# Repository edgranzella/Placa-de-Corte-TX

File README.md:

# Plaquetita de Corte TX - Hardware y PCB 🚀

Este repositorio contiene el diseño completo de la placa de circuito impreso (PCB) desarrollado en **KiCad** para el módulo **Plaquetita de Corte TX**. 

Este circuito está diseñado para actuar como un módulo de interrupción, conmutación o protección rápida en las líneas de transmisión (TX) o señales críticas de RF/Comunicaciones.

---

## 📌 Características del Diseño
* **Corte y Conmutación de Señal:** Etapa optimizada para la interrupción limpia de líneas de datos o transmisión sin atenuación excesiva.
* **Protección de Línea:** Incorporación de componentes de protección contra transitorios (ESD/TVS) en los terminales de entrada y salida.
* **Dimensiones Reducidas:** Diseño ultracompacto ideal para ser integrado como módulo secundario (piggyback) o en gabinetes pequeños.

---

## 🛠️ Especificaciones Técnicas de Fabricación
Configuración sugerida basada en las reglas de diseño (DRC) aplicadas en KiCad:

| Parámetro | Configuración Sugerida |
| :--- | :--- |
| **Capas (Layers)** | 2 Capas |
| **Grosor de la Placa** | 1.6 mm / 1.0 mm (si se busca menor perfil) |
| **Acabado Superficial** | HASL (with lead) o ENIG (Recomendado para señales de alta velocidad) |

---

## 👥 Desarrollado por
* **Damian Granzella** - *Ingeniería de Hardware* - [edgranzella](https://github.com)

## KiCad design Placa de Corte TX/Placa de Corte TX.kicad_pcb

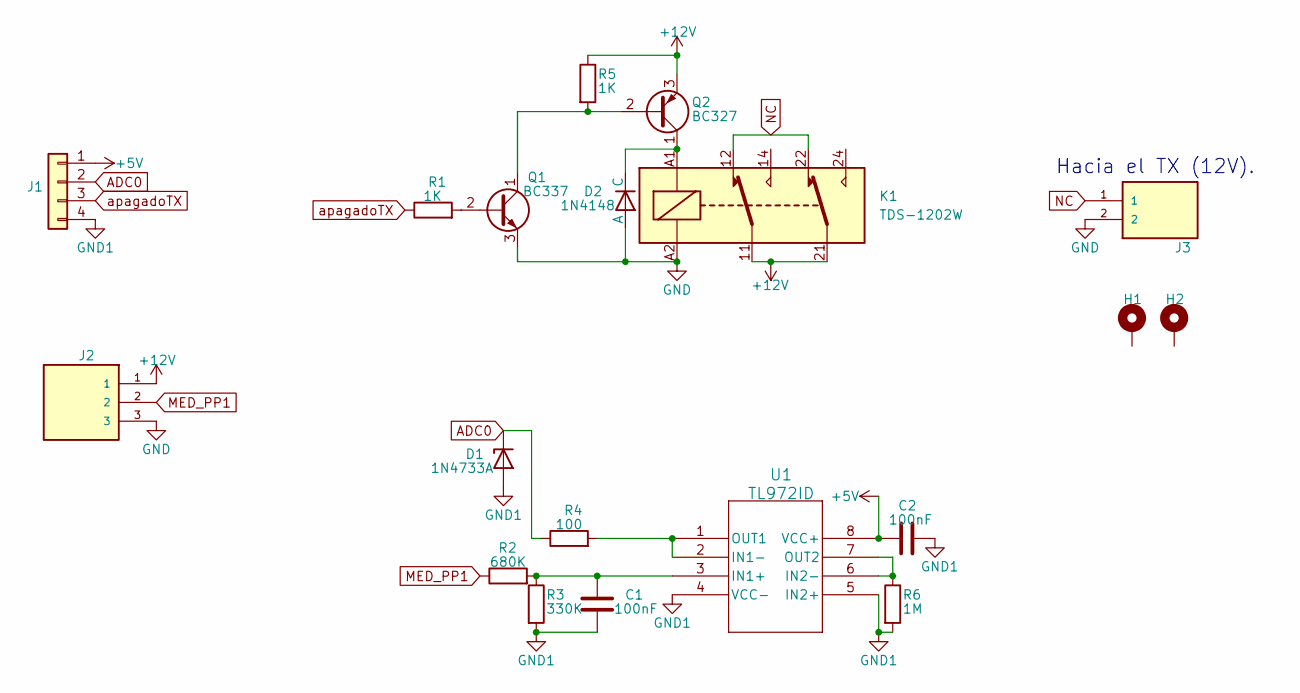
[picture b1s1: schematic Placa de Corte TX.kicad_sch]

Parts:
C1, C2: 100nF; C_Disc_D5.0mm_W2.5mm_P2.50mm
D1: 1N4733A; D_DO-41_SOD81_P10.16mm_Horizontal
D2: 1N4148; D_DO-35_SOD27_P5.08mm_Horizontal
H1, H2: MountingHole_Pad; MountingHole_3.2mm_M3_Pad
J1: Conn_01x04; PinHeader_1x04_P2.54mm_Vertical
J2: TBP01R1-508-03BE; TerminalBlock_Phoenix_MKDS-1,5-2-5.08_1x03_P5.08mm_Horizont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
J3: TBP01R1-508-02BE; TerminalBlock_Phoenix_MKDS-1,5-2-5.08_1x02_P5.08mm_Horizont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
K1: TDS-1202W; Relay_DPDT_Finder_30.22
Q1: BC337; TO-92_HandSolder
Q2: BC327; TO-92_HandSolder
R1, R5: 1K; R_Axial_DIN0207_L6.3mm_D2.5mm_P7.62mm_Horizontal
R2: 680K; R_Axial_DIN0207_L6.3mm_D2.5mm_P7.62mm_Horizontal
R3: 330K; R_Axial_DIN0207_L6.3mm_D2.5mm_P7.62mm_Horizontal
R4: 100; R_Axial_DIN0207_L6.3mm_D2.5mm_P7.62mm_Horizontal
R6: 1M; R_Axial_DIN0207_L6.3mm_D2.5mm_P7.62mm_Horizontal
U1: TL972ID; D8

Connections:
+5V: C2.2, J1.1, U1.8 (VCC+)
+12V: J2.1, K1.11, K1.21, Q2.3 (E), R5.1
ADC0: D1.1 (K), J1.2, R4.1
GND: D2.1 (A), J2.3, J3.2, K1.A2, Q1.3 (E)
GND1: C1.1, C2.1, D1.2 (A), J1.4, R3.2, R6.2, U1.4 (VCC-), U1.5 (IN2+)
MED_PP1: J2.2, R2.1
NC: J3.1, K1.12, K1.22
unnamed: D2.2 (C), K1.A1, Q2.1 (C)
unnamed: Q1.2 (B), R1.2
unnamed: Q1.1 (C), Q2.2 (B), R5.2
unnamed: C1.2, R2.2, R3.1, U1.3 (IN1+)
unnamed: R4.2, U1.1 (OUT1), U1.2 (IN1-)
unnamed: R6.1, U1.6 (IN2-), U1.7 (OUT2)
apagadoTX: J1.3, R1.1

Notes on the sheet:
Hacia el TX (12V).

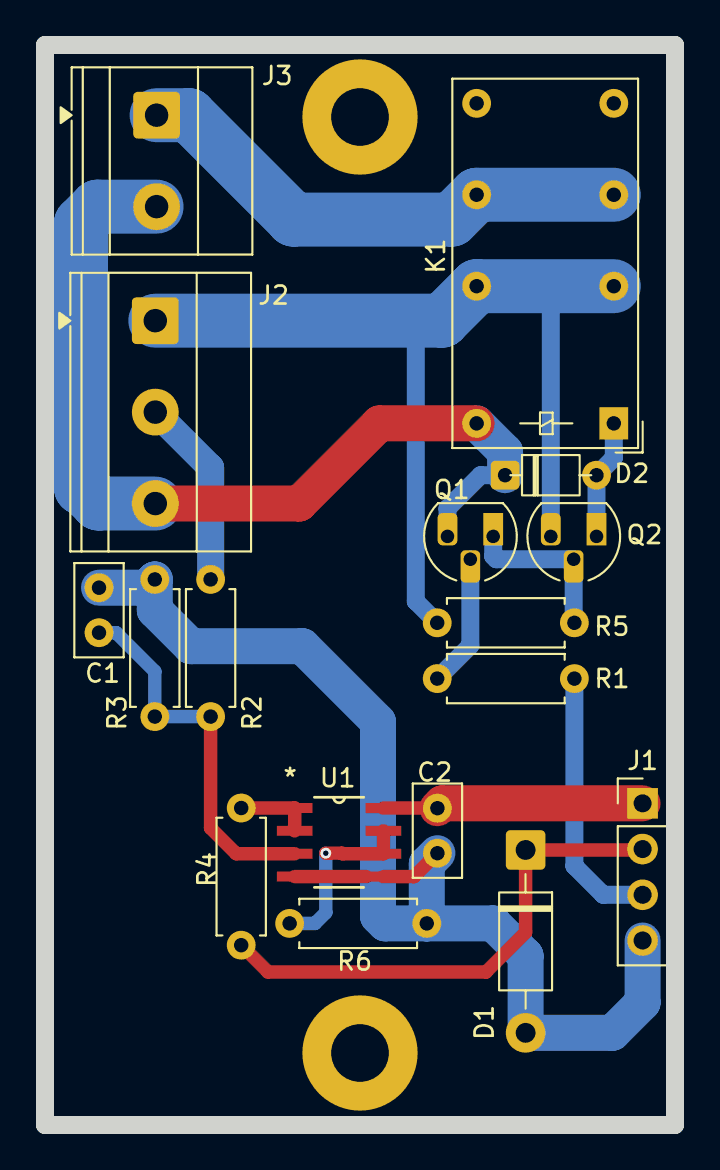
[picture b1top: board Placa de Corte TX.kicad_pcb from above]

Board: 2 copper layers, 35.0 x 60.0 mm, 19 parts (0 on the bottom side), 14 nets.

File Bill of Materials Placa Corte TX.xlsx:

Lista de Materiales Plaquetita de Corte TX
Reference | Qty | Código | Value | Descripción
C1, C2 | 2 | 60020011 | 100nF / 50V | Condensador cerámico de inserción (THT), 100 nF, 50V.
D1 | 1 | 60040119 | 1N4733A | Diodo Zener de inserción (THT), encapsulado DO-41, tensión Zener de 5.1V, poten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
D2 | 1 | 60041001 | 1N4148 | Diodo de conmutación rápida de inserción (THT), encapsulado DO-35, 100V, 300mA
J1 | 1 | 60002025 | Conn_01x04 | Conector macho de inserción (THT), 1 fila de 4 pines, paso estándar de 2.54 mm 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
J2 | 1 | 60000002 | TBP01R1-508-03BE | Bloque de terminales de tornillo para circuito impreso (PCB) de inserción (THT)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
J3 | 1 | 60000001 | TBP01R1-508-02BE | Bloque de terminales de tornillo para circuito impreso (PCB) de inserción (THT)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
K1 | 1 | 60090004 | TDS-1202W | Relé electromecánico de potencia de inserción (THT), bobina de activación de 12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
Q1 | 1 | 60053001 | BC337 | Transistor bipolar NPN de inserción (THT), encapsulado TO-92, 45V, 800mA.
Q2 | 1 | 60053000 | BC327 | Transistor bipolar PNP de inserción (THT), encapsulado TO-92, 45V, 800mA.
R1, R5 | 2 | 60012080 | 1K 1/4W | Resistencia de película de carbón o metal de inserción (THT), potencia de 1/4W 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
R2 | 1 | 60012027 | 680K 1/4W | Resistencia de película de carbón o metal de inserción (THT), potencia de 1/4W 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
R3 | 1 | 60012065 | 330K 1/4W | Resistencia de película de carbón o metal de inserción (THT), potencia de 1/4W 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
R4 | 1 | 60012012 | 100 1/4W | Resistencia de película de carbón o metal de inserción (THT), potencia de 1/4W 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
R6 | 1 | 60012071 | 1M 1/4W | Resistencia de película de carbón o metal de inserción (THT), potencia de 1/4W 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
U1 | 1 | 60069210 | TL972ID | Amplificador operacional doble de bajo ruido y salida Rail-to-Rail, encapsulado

EXERCISE DIRECTIONS — Of the lines in the data above, some may include the word "Hardware"; state how many, with no added words.

ANSWER FOR THIS EXERCISE — 2